Delegations right about minimum wage


Brunswick News Editorial: Delegations right about minimum wage

Posted: Thursday, August 27, 2015 12:00 am

Members of the state delegations of Glynn and Camden counties say they are disinclined to support any movement in Atlanta during the 2016 session of the Georgia General Assembly to raise the minimum wage. Their arguments for not doing so are sound.

To begin with, minimum wage jobs are just that, minimum wage jobs. They are entry level at best and in many cases, the kind of work teenagers or someone wanting to pick up a few extra dollars would do. Most do not require a high level of skill and can be taught and learned rather quickly and easily.

There’s also the point brought out by Rep. Jeff Jones, R-St. Simons Island, a small business owner himself. Raise the minimum wage and business owners would have little recourse but to increase the cost of their products or services.

Take the wage up too much and suddenly customers begin thinning out, forcing the owner into a corner and having to thin out the ranks of employees.

Wage increases should be market-driven and based on skill level, education and attitude.

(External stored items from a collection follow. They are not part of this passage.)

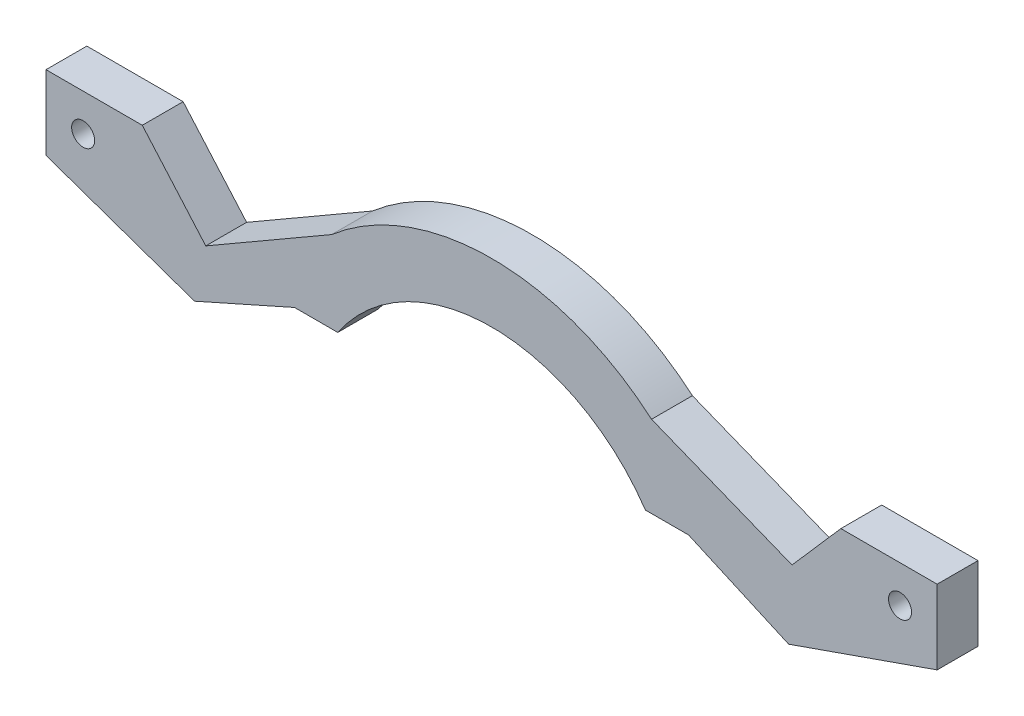
from build123d import *

# Parameters (mm, degrees)
EXTRUDE_1_DEPTH     = 5.5
SKETCH_2_R          = 1.55
CUT_EXTRUDE_1_DEPTH = 62.638056426


with BuildPart() as part:
    # ｽｹｯﾁ1 → ﾎﾞｽ - 押し出し1 (new body)
    with BuildSketch(Plane.XY):
        with BuildLine():
            Line((-60, 5), (-47.033321686, 5))
            Line((-47.033321686, 5), (-38.485827601, -4.794914235))
            Line((-38.485827601, -4.794914235), (-21.540659229, 5))
            ThreePointArc((-21.540659229, 5), (0, 13), (21.540659229, 5))
            Line((21.540659229, 5), (40.458326236, -2.534549412))
            Line((40.458326236, -2.534549412), (47.033321686, 5))
            Line((47.033321686, 5), (60, 5))
            Line((60, 5), (60, -5))
            Line((60, -5), (40, -12))
            Line((40, -12), (26.532998323, -6))
            Line((26.532998323, -6), (20.712315177, -6))
            ThreePointArc((20.712315177, -6), (0, 5), (-20.712315177, -6))
            Line((-20.712315177, -6), (-26.532998323, -6))
            Line((-26.532998323, -6), (-40, -12))
            Line((-40, -12), (-60, -5))
            Line((-60, -5), (-60, 5))
        make_face()
    extrude(amount=EXTRUDE_1_DEPTH)

    # ｽｹｯﾁ2 → ｶｯﾄ - 押し出し1 (cut, through all)
    with BuildSketch(Plane.XY.offset(5.5)):
        with Locations((-55, 0)):
            Circle(SKETCH_2_R)
        with Locations((55, 0)):
            Circle(SKETCH_2_R)
    extrude(amount=-CUT_EXTRUDE_1_DEPTH, mode=Mode.SUBTRACT)


solid = part.part

When proponents of pumping up the minimum wage speak of fairness, they should ask themselves just how fair is it to pay someone with just the basic of basic skills the same or close to the same as a college graduate, an individual who has studied hard and compiled thousands of dollars of debt for self-improvement.

The moral is, a person who wants to get ahead in this country should not be sitting around waiting for Congress or state legislators to double salaries with the introduction and passage of a new minimum wage law. That only yields more unmotivated, minimum skilled workers.

There are plenty of opportunities to improve one’s net worth in the workforce. In Glynn County, there’s high school, the Golden Isles Career Academy, Coastal Pines Technical College and College of Coastal Georgia — all just minutes away from most residences.

This is the way to go about improving one’s economic condition.

An educated and productive workforce is the proper way to do it and the only way that guarantees a strong community, state and nation.